NEWS - UK
UK equity income managers are still forecasting dividend growth across the market this year, despite income behemoth BP suspending payouts until at least 2011.
BP last week scrapped its first quarter dividend, which was scheduled for payment
on 21 June, and also declared no dividends would be paid in the second and third quarters of 2010.
Its move is a huge blow for investors in the UK, particularly millions of people in pension funds and equity income vehicles. BP dividends account for around £1 in every £7 of share payouts from UK blue-chip firms and have not been slashed since 1992. The last time BP suspended a dividend payment was during World War II.
While the BP action will have an impact on the overall market yield, LV= head of UK equities Graham Ashby says dividend growth in a number of other stocks will more than compensate for the oil giant's lost payouts.
"Balance sheets across the market are as strong as they have been for a decade and profits are also coming through. Many companies are in great shape," Ashby says.
"Research last week suggested the UK market could withstand a BP cut. While the cancelling of the already declared dividend was disappointing, it is not all doom and gloom.
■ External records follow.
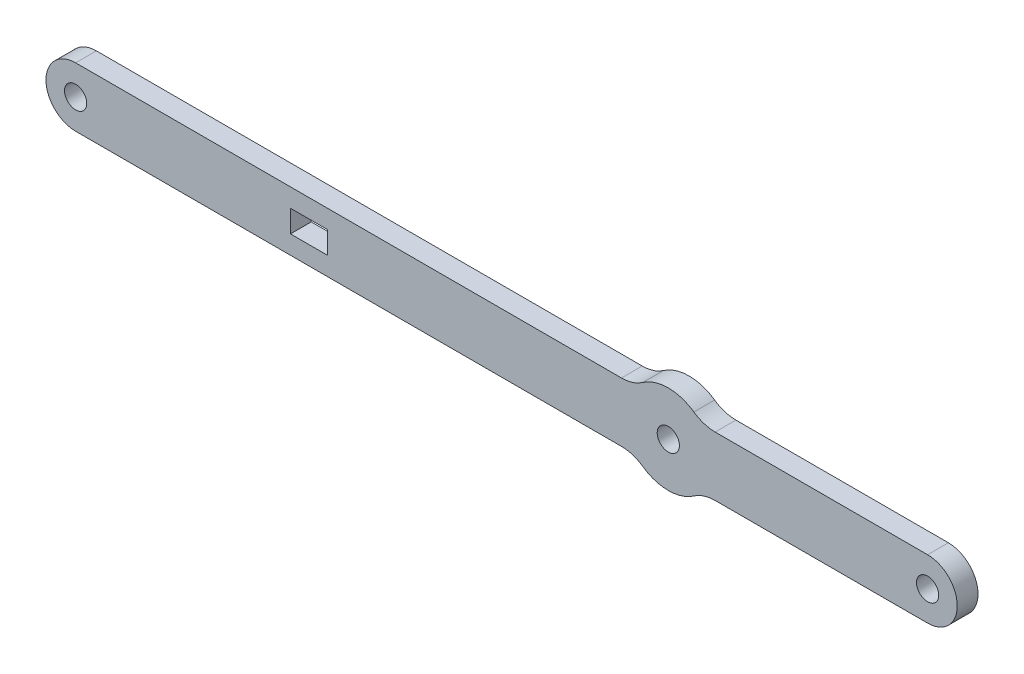
ISO-10303-21;
HEADER;
FILE_DESCRIPTION(('STEP AP214'),'2;1');
FILE_NAME('part.step','',(''),(''),'','','');
FILE_SCHEMA(('AUTOMOTIVE_DESIGN { 1 0 10303 214 1 1 1 1 }'));
ENDSEC;
DATA;
#1=APPLICATION_CONTEXT('core data for automotive mechanical design processes');
#2=APPLICATION_PROTOCOL_DEFINITION('international standard','automotive_design',2000,#1);
#3=PRODUCT_CONTEXT('',#1,'mechanical');
#4=PRODUCT('Part','Part','',(#3));
#5=PRODUCT_RELATED_PRODUCT_CATEGORY('part','',(#4));
#6=PRODUCT_DEFINITION_FORMATION('','',#4);
#7=PRODUCT_DEFINITION_CONTEXT('part definition',#1,'design');
#8=PRODUCT_DEFINITION('design','',#6,#7);
#9=PRODUCT_DEFINITION_SHAPE('','',#8);
#10=(LENGTH_UNIT() NAMED_UNIT(*) SI_UNIT(.MILLI.,.METRE.));
#11=(NAMED_UNIT(*) PLANE_ANGLE_UNIT() SI_UNIT($,.RADIAN.));
#12=(NAMED_UNIT(*) SI_UNIT($,.STERADIAN.) SOLID_ANGLE_UNIT());
#13=UNCERTAINTY_MEASURE_WITH_UNIT(LENGTH_MEASURE(1.E-05),#10,'distance_accuracy_value','');
#14=(GEOMETRIC_REPRESENTATION_CONTEXT(3) GLOBAL_UNCERTAINTY_ASSIGNED_CONTEXT((#13)) GLOBAL_UNIT_ASSIGNED_CONTEXT((#10,
#11,#12)) REPRESENTATION_CONTEXT('',''));
#15=CARTESIAN_POINT('',(0.,0.,0.));
#16=DIRECTION('',(0.,0.,1.));
#17=DIRECTION('',(1.,0.,0.));
#18=AXIS2_PLACEMENT_3D('',#15,#16,#17);
#19=CARTESIAN_POINT('',(0.,0.,2.8));
#20=DIRECTION('',(0.,0.,1.));
#21=DIRECTION('',(1.,0.,0.));
#22=AXIS2_PLACEMENT_3D('',#19,#20,#21);
#23=PLANE('',#22);
#24=CARTESIAN_POINT('',(115.,0.,2.8));
#25=DIRECTION('',(0.,0.,1.));
#26=DIRECTION('',(1.,0.,0.));
#27=AXIS2_PLACEMENT_3D('',#24,#25,#26);
#28=CIRCLE('',#27,1.5);
#29=CARTESIAN_POINT('',(116.5,0.,2.8));
#30=VERTEX_POINT('',#29);
#31=EDGE_CURVE('E196',#30,#30,#28,.T.);
#32=ORIENTED_EDGE('',*,*,#31,.F.);
#33=EDGE_LOOP('',(#32));
#34=FACE_BOUND('',#33,.T.);
#35=CARTESIAN_POINT('',(0.,0.,2.8));
#36=DIRECTION('',(0.,0.,1.));
#37=DIRECTION('',(1.,0.,0.));
#38=AXIS2_PLACEMENT_3D('',#35,#36,#37);
#39=CIRCLE('',#38,4.0000055179048);
#40=CARTESIAN_POINT('',(0.00617437826342593,4.00000075254017,2.8));
#41=VERTEX_POINT('',#40);
#42=CARTESIAN_POINT('',(-0.00708267489475927,-3.99999924737308,2.8));
#43=VERTEX_POINT('',#42);
#44=EDGE_CURVE('E208',#41,#43,#39,.T.);
#45=ORIENTED_EDGE('',*,*,#44,.T.);
#46=DIRECTION('',(1.,-6.54439458712643E-09,0.));
#47=VECTOR('',#46,1.);
#48=CARTESIAN_POINT('',(-0.00708267489475927,-3.99999924737308,2.8));
#49=LINE('',#48,#47);
#50=CARTESIAN_POINT('',(73.6754443275717,-3.99999972958061,2.8));
#51=VERTEX_POINT('',#50);
#52=EDGE_CURVE('E211',#43,#51,#49,.T.);
#53=ORIENTED_EDGE('',*,*,#52,.T.);
#54=CARTESIAN_POINT('',(73.6754442948497,-8.99999972958061,2.8));
#55=DIRECTION('',(0.,0.,1.));
#56=DIRECTION('',(1.,0.,0.));
#57=AXIS2_PLACEMENT_3D('',#54,#55,#56);
#58=CIRCLE('',#57,5.);
#59=CARTESIAN_POINT('',(76.5502423426453,-4.90909076158942,2.8));
#60=VERTEX_POINT('',#59);
#61=EDGE_CURVE('E284',#51,#60,#58,.F.);
#62=ORIENTED_EDGE('',*,*,#61,.T.);
#63=CARTESIAN_POINT('',(80.,0.,2.8));
#64=DIRECTION('',(0.,0.,1.));
#65=DIRECTION('',(1.,0.,0.));
#66=AXIS2_PLACEMENT_3D('',#63,#64,#65);
#67=CIRCLE('',#66,6.);
#68=CARTESIAN_POINT('',(83.4497575931007,-4.90909080674257,2.8));
#69=VERTEX_POINT('',#68);
#70=EDGE_CURVE('E215',#60,#69,#67,.T.);
#71=ORIENTED_EDGE('',*,*,#70,.T.);
#72=CARTESIAN_POINT('',(86.3245555873512,-8.99999981236138,2.8));
#73=DIRECTION('',(0.,0.,1.));
#74=DIRECTION('',(1.,0.,0.));
#75=AXIS2_PLACEMENT_3D('',#72,#73,#74);
#76=CIRCLE('',#75,5.);
#77=CARTESIAN_POINT('',(86.3245556200732,-3.99999981236138,2.8));
#78=VERTEX_POINT('',#77);
#79=EDGE_CURVE('E280',#69,#78,#76,.F.);
#80=ORIENTED_EDGE('',*,*,#79,.T.);
#81=DIRECTION('',(1.,-6.54439462257202E-09,0.));
#82=VECTOR('',#81,1.);
#83=CARTESIAN_POINT('',(84.4721361336718,-3.99999980023842,2.8));
#84=LINE('',#83,#82);
#85=CARTESIAN_POINT('',(114.999999973822,-4.,2.8));
#86=VERTEX_POINT('',#85);
#87=EDGE_CURVE('E218',#78,#86,#84,.T.);
#88=ORIENTED_EDGE('',*,*,#87,.T.);
#89=CARTESIAN_POINT('',(115.,0.,2.8));
#90=DIRECTION('',(0.,0.,1.));
#91=DIRECTION('',(1.,0.,0.));
#92=AXIS2_PLACEMENT_3D('',#89,#90,#91);
#93=CIRCLE('',#92,4.);
#94=CARTESIAN_POINT('',(115.000000078533,3.99999999997519,2.8));
#95=VERTEX_POINT('',#94);
#96=EDGE_CURVE('E220',#86,#95,#93,.T.);
#97=ORIENTED_EDGE('',*,*,#96,.T.);
#98=DIRECTION('',(-1.,6.54439460875569E-09,0.));
#99=VECTOR('',#98,1.);
#100=CARTESIAN_POINT('',(84.4721357763274,4.00000019976158,2.8));
#101=LINE('',#100,#99);
#102=CARTESIAN_POINT('',(86.3245550206003,4.00000018763862,2.8));
#103=VERTEX_POINT('',#102);
#104=EDGE_CURVE('E222',#95,#103,#101,.T.);
#105=ORIENTED_EDGE('',*,*,#104,.T.);
#106=CARTESIAN_POINT('',(86.3245550533223,9.00000018763862,2.8));
#107=DIRECTION('',(0.,0.,1.));
#108=DIRECTION('',(1.,0.,0.));
#109=AXIS2_PLACEMENT_3D('',#106,#107,#108);
#110=CIRCLE('',#109,5.);
#111=CARTESIAN_POINT('',(83.4497573018122,4.90909101143925,2.8));
#112=VERTEX_POINT('',#111);
#113=EDGE_CURVE('E11',#103,#112,#110,.F.);
#114=ORIENTED_EDGE('',*,*,#113,.T.);
#115=CARTESIAN_POINT('',(80.,0.,2.8));
#116=DIRECTION('',(0.,0.,1.));
#117=DIRECTION('',(1.,0.,0.));
#118=AXIS2_PLACEMENT_3D('',#115,#116,#117);
#119=CIRCLE('',#118,6.00000000000001);
#120=CARTESIAN_POINT('',(76.5502427624419,4.90909105659239,2.8));
#121=VERTEX_POINT('',#120);
#122=EDGE_CURVE('E224',#112,#121,#119,.T.);
#123=ORIENTED_EDGE('',*,*,#122,.T.);
#124=CARTESIAN_POINT('',(73.6754450644768,9.00000027041939,2.8));
#125=DIRECTION('',(0.,0.,1.));
#126=DIRECTION('',(1.,0.,0.));
#127=AXIS2_PLACEMENT_3D('',#124,#125,#126);
#128=CIRCLE('',#127,5.);
#129=CARTESIAN_POINT('',(73.6754450317548,4.00000027041939,2.8));
#130=VERTEX_POINT('',#129);
#131=EDGE_CURVE('E288',#121,#130,#128,.F.);
#132=ORIENTED_EDGE('',*,*,#131,.T.);
#133=DIRECTION('',(-1.,6.54439461327344E-09,0.));
#134=VECTOR('',#133,1.);
#135=CARTESIAN_POINT('',(0.00617437826342593,4.00000075254017,2.8));
#136=LINE('',#135,#134);
#137=EDGE_CURVE('E227',#130,#41,#136,.T.);
#138=ORIENTED_EDGE('',*,*,#137,.T.);
#139=EDGE_LOOP('',(#45,#53,#62,#71,#80,#88,#97,#105,#114,#123,#132,#138));
#140=FACE_BOUND('',#139,.T.);
#141=CARTESIAN_POINT('',(80.,0.,2.8));
#142=DIRECTION('',(0.,0.,1.));
#143=DIRECTION('',(1.,0.,0.));
#144=AXIS2_PLACEMENT_3D('',#141,#142,#143);
#145=CIRCLE('',#144,1.5);
#146=CARTESIAN_POINT('',(81.5,0.,2.8));
#147=VERTEX_POINT('',#146);
#148=EDGE_CURVE('E202',#147,#147,#145,.T.);
#149=ORIENTED_EDGE('',*,*,#148,.F.);
#150=EDGE_LOOP('',(#149));
#151=FACE_BOUND('',#150,.T.);
#152=CARTESIAN_POINT('',(0.,0.,2.8));
#153=DIRECTION('',(0.,0.,1.));
#154=DIRECTION('',(1.,0.,0.));
#155=AXIS2_PLACEMENT_3D('',#152,#153,#154);
#156=CIRCLE('',#155,1.5);
#157=CARTESIAN_POINT('',(1.5,0.,2.8));
#158=VERTEX_POINT('',#157);
#159=EDGE_CURVE('E190',#158,#158,#156,.T.);
#160=ORIENTED_EDGE('',*,*,#159,.F.);
#161=EDGE_LOOP('',(#160));
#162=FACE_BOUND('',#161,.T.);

"Stocks such as Barclays, Carnival and Rio Tinto, which yielded nothing last year,
are all back on the list of dividend payers."
Ashby, who is retaining 3% of his LV= UK Equity Income fund in BP, says the oil giant could return to paying significant dividends in nine months to a year's time, once more clarity over the spill emerges.
BP says it remains strongly committed to the payment of future dividends and delivering long-term value to shareholders.
"The board believes it is right and prudent to take a conservative financial position given the current uncertainty over the extent and timing of costs and liabilities relating to the spill," it says.
Tineke Frikkee, a large BP shareholder in her £2.66bn Newton Higher Income fund, says the vehicle remains on track to deliver 3% dividend growth for the year to 30 June.
She says the UK market still has a number of attractive sectors generating high yields, including telecommunications at 5.8% and pharmaceuticals at 4.9%.
Fidelity Income fund manager Michael Clark, who exited his position in BP following the oil spill, is also confident on dividend growth for the market.
"While it is a problem for the income funds that held the stock, it will not have the same impact as when the banks cut their dividends as that ran across a number of names.
"We expect double-digit dividend growth and the market could also increase.
"BP was not a problem we could not avoid and we are still able to reach our income with stocks such as pharmaceuticals, utilities and telecoms."